- Theatrical release poster
- Directed by: Michael Petroni
- Written by: Michael Petroni
- Produced by: Thomas Augsberger
- Starring: Guy Pearce Helena Bonham Carter
- Cinematography: Roger Lanser
- Edited by: Bill Murphy
- Music by: Dale Cornelius Amotz Plessner
- Distributed by: Becker Entertainment
- Release date: 12 September 2002;
- Running time: 101 minutes
- Country: Australia
- Language: English
- Box office: $120,601

= Till Human Voices Wake Us (film) =

Till Human Voices Wake Us is a 2002 Australian drama film written and directed by Michael Petroni and starring Guy Pearce and Helena Bonham Carter.

==Plot==
Fifteen-year-old Sam Franks has returned from a Melbourne boarding school to his hometown in Victoria. He has an obvious affection towards a local girl, Silvy, who has a disability affecting her legs which requires a brace and prevents her from walking freely. This does not stop the two friends from enjoying each other's company, and they are virtually inseparable. Sam's mother has died, and his stern father provides the young boy with little comfort or love, so his relationship with Silvy is all that matters to him. She reads to him regularly out of her beloved poetry book, showing him a world of beauty and harmony within words that he comes to enjoy.

One night, Sam and Silvy decide to go for an aimless ride, and end up at a river. Sam jumps in the water and removes Silvy's leg braces, and together they "dance" in the water. They share a kiss and stare into the stars — everything seems perfect for them. Sam lets go of Silvy's hand to point to a shooting star. After closing his eyes and making a wish, he looks around to find Silvy no longer with him. After a frantic search as he struggles against the current, Sam returns to Silvy's home to tell her parents what has happened. Her body is not found until much later, in an underwater cave.

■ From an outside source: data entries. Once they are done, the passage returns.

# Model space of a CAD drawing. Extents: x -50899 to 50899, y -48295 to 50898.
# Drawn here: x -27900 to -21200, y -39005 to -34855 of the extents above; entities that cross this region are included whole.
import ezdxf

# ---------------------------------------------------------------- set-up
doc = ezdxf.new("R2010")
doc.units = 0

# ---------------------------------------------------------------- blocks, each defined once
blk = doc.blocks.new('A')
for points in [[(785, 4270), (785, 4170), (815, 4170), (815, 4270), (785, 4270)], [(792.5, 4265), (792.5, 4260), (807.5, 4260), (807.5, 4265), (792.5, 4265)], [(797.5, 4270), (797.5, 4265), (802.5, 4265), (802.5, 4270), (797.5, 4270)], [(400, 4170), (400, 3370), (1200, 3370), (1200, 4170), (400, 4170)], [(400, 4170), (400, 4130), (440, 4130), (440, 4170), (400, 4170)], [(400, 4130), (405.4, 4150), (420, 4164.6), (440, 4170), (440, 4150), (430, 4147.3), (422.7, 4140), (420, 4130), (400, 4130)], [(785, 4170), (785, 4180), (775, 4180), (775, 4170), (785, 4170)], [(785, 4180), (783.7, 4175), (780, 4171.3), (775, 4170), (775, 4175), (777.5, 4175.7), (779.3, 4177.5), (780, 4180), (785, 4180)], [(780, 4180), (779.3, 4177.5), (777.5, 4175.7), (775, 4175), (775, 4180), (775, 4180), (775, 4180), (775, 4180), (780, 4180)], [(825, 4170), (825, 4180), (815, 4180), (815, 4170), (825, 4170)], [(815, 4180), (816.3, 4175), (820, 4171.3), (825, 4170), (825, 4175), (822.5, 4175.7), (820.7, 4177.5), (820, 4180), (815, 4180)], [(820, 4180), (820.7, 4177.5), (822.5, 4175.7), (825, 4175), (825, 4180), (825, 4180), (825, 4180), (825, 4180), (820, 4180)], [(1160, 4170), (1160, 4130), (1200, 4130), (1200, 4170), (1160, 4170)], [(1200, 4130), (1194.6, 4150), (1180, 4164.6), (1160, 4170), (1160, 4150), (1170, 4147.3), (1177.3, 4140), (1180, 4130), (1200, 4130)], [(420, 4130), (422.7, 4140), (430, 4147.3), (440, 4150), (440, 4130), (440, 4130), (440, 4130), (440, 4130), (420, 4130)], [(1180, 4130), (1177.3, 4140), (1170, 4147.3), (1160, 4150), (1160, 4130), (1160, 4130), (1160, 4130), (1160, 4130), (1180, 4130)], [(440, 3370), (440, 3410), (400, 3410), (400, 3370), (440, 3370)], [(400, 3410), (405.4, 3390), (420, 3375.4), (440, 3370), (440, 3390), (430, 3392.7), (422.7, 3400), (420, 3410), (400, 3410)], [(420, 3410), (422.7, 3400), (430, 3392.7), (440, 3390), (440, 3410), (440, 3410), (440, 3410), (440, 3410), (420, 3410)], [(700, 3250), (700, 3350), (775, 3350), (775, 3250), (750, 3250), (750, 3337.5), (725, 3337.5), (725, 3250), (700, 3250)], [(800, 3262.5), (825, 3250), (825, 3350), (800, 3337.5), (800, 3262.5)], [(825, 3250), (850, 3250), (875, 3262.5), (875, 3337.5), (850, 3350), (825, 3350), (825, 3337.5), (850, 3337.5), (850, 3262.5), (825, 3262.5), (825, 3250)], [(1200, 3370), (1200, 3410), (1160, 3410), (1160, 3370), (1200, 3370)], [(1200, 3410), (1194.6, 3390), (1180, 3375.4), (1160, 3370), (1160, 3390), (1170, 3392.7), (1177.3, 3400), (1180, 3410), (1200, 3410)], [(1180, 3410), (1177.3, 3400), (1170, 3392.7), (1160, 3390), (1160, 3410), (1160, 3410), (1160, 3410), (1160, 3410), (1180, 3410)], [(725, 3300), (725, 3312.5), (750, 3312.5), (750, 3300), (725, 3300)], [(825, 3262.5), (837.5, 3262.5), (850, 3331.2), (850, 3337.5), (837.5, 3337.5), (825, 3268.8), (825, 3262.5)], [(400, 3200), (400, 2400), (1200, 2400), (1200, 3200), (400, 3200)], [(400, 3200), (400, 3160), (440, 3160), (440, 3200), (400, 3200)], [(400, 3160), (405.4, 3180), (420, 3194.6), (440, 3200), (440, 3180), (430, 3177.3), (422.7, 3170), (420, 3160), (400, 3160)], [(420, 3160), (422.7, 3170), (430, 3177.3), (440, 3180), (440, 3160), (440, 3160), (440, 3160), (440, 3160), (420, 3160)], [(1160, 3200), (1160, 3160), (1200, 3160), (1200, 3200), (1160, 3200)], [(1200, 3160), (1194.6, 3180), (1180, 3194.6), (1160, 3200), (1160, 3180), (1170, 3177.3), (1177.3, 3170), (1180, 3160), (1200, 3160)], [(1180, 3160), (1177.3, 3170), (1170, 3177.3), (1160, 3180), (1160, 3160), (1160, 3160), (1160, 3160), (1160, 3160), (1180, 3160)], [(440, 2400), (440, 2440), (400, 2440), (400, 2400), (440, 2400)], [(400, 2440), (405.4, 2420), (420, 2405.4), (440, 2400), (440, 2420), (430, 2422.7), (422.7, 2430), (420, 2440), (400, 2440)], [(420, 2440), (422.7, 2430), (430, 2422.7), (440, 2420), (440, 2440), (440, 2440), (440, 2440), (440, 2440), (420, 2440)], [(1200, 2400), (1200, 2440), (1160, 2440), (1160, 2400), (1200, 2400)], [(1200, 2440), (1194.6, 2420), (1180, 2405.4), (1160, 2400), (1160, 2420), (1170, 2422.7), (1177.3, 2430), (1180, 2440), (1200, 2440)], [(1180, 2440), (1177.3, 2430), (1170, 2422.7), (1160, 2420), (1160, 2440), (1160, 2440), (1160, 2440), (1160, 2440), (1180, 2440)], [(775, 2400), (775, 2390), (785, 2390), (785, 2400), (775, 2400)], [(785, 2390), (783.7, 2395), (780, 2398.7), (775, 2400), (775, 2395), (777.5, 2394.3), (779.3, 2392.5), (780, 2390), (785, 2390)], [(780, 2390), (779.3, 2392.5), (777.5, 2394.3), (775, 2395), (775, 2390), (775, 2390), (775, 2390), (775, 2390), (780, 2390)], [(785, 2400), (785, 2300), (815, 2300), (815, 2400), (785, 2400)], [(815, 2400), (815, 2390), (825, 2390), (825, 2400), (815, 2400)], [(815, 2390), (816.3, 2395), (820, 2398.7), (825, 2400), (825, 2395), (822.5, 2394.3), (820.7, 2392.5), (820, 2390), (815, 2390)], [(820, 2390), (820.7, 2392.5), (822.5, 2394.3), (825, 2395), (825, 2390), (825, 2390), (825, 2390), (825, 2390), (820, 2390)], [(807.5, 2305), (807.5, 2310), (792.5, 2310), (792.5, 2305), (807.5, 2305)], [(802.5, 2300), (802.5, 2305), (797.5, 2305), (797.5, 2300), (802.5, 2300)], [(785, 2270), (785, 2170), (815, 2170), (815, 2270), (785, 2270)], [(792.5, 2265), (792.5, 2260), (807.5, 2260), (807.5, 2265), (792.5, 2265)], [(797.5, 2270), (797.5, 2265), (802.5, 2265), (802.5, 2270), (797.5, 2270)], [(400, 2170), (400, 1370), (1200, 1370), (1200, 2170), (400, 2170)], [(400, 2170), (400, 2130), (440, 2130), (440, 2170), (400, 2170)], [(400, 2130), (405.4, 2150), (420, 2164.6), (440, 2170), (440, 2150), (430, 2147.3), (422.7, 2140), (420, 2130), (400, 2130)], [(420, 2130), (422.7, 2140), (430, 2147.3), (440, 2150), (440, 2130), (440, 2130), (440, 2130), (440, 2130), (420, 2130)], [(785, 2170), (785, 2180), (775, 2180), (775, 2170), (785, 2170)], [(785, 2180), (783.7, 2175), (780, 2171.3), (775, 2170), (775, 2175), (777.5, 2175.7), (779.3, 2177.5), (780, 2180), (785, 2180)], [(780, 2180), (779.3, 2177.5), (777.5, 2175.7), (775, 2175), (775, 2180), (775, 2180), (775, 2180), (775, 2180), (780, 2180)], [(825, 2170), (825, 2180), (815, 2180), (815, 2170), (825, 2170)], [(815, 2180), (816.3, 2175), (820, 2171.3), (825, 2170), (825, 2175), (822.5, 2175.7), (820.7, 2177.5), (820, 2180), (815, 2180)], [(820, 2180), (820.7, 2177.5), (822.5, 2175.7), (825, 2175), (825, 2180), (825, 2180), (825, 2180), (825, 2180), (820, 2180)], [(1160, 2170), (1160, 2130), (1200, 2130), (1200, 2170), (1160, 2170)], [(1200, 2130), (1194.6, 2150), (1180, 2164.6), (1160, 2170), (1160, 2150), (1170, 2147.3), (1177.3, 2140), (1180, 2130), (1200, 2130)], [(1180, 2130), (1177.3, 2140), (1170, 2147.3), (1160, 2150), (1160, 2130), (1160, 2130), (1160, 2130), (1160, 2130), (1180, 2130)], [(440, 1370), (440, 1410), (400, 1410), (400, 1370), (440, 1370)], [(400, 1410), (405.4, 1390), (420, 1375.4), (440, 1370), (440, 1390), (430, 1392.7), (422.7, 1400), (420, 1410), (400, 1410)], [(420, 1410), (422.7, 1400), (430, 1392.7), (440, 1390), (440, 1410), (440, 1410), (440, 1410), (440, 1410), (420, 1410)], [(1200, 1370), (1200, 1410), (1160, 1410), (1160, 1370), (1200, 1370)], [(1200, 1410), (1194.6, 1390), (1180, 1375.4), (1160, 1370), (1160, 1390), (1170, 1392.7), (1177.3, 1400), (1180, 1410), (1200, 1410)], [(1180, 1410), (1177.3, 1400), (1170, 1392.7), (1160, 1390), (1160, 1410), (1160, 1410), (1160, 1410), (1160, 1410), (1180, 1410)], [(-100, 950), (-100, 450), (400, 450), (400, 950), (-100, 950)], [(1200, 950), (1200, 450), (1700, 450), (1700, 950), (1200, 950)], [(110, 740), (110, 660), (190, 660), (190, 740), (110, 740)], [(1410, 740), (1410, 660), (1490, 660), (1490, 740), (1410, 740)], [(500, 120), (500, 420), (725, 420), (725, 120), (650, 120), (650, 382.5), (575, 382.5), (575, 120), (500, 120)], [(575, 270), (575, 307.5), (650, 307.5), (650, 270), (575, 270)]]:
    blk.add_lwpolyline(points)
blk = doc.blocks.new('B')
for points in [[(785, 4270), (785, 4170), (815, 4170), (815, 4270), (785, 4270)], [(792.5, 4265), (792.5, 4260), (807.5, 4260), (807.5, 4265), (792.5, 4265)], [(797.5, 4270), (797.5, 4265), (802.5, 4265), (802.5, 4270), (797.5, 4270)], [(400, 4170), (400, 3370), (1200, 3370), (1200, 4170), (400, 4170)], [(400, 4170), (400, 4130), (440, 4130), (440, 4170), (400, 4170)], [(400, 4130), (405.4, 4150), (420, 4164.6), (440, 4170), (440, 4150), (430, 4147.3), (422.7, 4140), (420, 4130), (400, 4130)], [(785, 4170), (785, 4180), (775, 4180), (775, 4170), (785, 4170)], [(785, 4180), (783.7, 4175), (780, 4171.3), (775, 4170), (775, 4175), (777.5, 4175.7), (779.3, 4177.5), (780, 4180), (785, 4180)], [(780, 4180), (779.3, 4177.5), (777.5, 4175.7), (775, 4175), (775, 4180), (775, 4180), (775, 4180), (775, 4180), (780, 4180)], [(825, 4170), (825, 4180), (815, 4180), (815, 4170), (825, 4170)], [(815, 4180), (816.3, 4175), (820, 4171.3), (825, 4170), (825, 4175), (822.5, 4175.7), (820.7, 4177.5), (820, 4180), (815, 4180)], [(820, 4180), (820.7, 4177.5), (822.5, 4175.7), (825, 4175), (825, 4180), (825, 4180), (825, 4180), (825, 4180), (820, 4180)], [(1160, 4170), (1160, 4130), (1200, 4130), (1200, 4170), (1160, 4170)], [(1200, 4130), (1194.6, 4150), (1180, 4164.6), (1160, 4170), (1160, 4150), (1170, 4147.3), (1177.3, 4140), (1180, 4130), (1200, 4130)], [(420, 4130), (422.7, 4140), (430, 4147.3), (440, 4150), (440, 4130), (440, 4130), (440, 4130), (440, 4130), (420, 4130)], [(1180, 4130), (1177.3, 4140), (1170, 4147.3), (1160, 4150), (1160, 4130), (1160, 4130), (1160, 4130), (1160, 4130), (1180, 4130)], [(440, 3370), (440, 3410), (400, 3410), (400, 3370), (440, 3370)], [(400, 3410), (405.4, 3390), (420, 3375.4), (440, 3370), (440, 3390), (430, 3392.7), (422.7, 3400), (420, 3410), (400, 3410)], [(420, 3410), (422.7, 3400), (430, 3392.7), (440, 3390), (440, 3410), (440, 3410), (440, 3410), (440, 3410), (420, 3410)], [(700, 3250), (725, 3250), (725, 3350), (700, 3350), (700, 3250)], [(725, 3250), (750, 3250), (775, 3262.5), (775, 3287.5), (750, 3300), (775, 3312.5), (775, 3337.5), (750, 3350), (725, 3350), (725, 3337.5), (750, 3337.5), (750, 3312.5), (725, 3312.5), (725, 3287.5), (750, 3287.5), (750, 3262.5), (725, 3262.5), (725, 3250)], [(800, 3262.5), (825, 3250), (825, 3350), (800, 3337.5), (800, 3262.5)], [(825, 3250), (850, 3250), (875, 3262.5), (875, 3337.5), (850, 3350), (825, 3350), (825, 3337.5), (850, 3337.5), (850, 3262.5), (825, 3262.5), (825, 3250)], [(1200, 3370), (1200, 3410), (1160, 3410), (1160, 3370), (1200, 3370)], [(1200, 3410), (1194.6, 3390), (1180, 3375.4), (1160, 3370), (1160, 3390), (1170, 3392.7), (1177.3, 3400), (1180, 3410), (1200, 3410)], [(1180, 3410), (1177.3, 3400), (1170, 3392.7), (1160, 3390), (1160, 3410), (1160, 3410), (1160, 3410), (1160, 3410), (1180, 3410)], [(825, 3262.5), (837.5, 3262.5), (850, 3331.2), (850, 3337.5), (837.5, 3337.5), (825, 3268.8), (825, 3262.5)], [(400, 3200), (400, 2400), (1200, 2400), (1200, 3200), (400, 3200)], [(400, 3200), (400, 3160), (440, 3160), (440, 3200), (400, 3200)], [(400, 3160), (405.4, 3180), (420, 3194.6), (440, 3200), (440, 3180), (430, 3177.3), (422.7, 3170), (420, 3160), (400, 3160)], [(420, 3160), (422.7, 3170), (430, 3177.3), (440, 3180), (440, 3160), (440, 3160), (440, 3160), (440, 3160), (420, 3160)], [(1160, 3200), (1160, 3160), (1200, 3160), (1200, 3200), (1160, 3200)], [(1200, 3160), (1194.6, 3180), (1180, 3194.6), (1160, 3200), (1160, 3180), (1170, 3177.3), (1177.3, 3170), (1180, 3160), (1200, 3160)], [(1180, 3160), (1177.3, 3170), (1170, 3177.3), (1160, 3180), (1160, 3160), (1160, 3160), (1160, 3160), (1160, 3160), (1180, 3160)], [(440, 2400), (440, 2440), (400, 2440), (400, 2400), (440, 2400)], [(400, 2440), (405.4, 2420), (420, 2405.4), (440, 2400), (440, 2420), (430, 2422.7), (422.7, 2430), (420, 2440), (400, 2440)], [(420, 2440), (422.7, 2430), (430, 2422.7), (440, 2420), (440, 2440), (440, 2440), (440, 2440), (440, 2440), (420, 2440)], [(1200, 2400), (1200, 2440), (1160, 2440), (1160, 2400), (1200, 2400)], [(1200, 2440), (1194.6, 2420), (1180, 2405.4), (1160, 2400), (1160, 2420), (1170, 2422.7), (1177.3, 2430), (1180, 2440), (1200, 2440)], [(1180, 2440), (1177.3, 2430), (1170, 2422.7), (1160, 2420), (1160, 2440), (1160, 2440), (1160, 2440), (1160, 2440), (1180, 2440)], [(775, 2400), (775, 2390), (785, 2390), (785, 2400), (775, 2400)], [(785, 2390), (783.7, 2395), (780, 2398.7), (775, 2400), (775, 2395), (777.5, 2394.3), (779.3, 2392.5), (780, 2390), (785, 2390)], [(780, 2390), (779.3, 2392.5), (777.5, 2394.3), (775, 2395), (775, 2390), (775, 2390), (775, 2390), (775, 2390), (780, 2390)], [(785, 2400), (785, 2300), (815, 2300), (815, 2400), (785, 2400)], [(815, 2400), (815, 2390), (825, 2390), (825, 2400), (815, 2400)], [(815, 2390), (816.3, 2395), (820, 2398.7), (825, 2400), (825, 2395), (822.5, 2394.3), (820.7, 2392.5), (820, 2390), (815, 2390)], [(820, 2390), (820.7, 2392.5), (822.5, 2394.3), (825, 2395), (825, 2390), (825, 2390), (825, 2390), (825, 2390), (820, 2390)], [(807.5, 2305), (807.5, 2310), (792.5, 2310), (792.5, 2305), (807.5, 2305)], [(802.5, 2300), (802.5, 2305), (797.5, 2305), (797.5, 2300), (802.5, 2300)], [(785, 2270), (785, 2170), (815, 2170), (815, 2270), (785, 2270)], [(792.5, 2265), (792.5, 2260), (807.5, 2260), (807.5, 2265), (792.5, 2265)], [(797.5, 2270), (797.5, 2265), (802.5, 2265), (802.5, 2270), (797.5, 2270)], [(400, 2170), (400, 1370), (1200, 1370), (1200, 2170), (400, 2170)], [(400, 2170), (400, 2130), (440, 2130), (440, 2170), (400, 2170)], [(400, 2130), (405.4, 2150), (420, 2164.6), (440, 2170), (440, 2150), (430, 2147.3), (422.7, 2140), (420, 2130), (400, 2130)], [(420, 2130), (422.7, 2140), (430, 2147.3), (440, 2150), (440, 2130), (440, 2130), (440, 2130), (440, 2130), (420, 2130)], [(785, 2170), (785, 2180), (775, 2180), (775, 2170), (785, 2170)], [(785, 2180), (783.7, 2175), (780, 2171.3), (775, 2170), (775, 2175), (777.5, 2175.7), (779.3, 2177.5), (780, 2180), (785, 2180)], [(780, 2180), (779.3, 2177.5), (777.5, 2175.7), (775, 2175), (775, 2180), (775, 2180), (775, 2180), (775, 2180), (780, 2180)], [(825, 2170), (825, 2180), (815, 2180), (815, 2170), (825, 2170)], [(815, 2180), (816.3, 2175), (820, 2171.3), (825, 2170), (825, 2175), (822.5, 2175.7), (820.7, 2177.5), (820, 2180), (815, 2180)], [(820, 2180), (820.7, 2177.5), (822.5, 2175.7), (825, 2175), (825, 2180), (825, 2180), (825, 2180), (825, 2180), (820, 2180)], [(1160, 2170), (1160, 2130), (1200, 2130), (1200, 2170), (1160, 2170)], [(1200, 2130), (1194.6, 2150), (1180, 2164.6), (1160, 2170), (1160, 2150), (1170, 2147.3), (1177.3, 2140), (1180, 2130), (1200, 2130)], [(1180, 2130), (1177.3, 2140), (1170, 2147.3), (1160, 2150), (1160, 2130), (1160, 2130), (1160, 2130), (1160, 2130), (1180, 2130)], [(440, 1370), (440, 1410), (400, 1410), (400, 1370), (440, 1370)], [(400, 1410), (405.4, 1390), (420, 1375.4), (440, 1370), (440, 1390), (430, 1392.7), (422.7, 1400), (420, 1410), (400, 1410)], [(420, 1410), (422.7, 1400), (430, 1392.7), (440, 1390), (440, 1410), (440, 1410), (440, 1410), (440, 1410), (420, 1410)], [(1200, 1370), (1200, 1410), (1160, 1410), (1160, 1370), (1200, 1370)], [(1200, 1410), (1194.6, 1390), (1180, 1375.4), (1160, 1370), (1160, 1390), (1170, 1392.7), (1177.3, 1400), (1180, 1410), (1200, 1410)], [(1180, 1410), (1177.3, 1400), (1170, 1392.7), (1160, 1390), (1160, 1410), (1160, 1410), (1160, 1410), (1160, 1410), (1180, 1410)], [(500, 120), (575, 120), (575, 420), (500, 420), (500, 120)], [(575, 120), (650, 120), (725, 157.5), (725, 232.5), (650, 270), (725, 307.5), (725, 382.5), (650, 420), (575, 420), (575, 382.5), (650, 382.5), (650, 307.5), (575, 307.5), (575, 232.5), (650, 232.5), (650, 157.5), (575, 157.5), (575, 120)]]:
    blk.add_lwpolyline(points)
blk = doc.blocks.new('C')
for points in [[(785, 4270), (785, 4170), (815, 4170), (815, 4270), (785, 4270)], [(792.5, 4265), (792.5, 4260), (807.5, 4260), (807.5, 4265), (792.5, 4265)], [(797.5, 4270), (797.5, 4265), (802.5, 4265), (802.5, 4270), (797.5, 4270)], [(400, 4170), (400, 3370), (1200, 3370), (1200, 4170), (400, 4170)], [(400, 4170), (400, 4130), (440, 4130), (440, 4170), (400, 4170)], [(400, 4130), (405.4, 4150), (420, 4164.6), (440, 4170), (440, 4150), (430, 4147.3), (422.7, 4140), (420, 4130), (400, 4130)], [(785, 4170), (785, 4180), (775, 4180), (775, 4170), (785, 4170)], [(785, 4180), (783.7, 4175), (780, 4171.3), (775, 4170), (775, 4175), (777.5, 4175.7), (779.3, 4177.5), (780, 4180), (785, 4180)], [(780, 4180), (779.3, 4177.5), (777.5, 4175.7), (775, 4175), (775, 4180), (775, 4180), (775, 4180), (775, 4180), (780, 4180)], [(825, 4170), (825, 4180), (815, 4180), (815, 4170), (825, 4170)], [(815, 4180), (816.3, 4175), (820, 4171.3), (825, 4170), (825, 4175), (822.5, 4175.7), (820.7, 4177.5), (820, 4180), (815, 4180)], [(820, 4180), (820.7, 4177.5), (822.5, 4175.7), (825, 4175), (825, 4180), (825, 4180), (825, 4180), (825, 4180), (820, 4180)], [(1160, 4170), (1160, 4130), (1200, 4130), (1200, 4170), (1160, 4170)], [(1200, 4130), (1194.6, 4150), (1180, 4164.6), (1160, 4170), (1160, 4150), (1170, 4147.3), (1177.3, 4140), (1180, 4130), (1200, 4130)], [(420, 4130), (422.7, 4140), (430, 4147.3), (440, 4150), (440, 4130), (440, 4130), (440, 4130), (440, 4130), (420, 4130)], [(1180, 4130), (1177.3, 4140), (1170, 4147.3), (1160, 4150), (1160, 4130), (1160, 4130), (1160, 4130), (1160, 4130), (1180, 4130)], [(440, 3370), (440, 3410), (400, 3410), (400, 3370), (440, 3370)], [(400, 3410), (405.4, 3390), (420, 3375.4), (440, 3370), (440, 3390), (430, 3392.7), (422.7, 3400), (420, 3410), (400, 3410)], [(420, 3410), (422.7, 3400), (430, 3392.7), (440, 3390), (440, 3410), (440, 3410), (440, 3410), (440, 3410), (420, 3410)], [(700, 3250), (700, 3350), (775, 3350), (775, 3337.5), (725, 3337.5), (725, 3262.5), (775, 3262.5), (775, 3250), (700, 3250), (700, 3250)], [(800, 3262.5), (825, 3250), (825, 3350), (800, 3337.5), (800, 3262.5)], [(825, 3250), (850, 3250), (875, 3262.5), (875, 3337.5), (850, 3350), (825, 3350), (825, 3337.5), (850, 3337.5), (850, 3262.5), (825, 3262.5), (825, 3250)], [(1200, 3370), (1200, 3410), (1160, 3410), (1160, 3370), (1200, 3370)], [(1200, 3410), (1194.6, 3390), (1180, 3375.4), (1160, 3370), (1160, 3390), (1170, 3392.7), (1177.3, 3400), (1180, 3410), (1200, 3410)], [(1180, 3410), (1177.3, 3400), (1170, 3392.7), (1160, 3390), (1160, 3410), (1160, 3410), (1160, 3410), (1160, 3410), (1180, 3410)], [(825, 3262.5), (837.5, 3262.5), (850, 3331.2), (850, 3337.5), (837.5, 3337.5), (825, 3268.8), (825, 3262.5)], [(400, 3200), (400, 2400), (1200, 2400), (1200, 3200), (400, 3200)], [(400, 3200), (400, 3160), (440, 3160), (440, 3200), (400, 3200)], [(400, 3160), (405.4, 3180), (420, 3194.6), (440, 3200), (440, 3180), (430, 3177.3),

Twenty years later, 35-year-old Sam is teaching psychology at a Melbourne institute when he must return to his hometown to bury his recently deceased father. On the train, Sam briefly meets a pleasant woman who introduces herself as Ruby. Sam leaves the compartment to talk to the conductor about his father's casket. When he returns, the woman is nowhere to be seen. That night, in a massive downpour, Sam sees a woman fall from the bridge into the river below. He rescues the woman and finds that it is Ruby. She has lost her memory and can't remember her own name. The woman's behavior and speech patterns remind Sam of Silvy.

Sam hypnotizes her, and the woman describes being pulled down, lower and lower into the cold, and feelings of panic, followed by a sensation of warmth and comfort. Sam believes that Silvy has come back from death in the form of this woman. The next day, she asks to be taken to her "real home". Sam carries her because her legs are failing her once more; he senses that she will not be with him much longer. Safe and warm in her old bed in her abandoned childhood home, Sam reads her the last few lines from her favorite poem, T. S. Eliot's "The Love Song of J. Alfred Prufrock": "Till human voices wake us, and we drown." She dies with a smile on her lips. Sam places her in a boat and releases it onto the river. He swims with it for a while, and when he looks into it, all that remains is his coat that he had draped over her. He climbs into the boat as it drifts away.

==Cast==
- Guy Pearce as Sam Franks
- Brooke Harman as Silvy Lewis
- Helena Bonham Carter as Ruby
- Amanda Douge as Katherine
- Frank Gallacher as Maurie Lewis
- Peter Curtin as Dr Davis Franks

==Box office==
Till Human Voices Wake Us grossed $181,921 at the box office in Australia.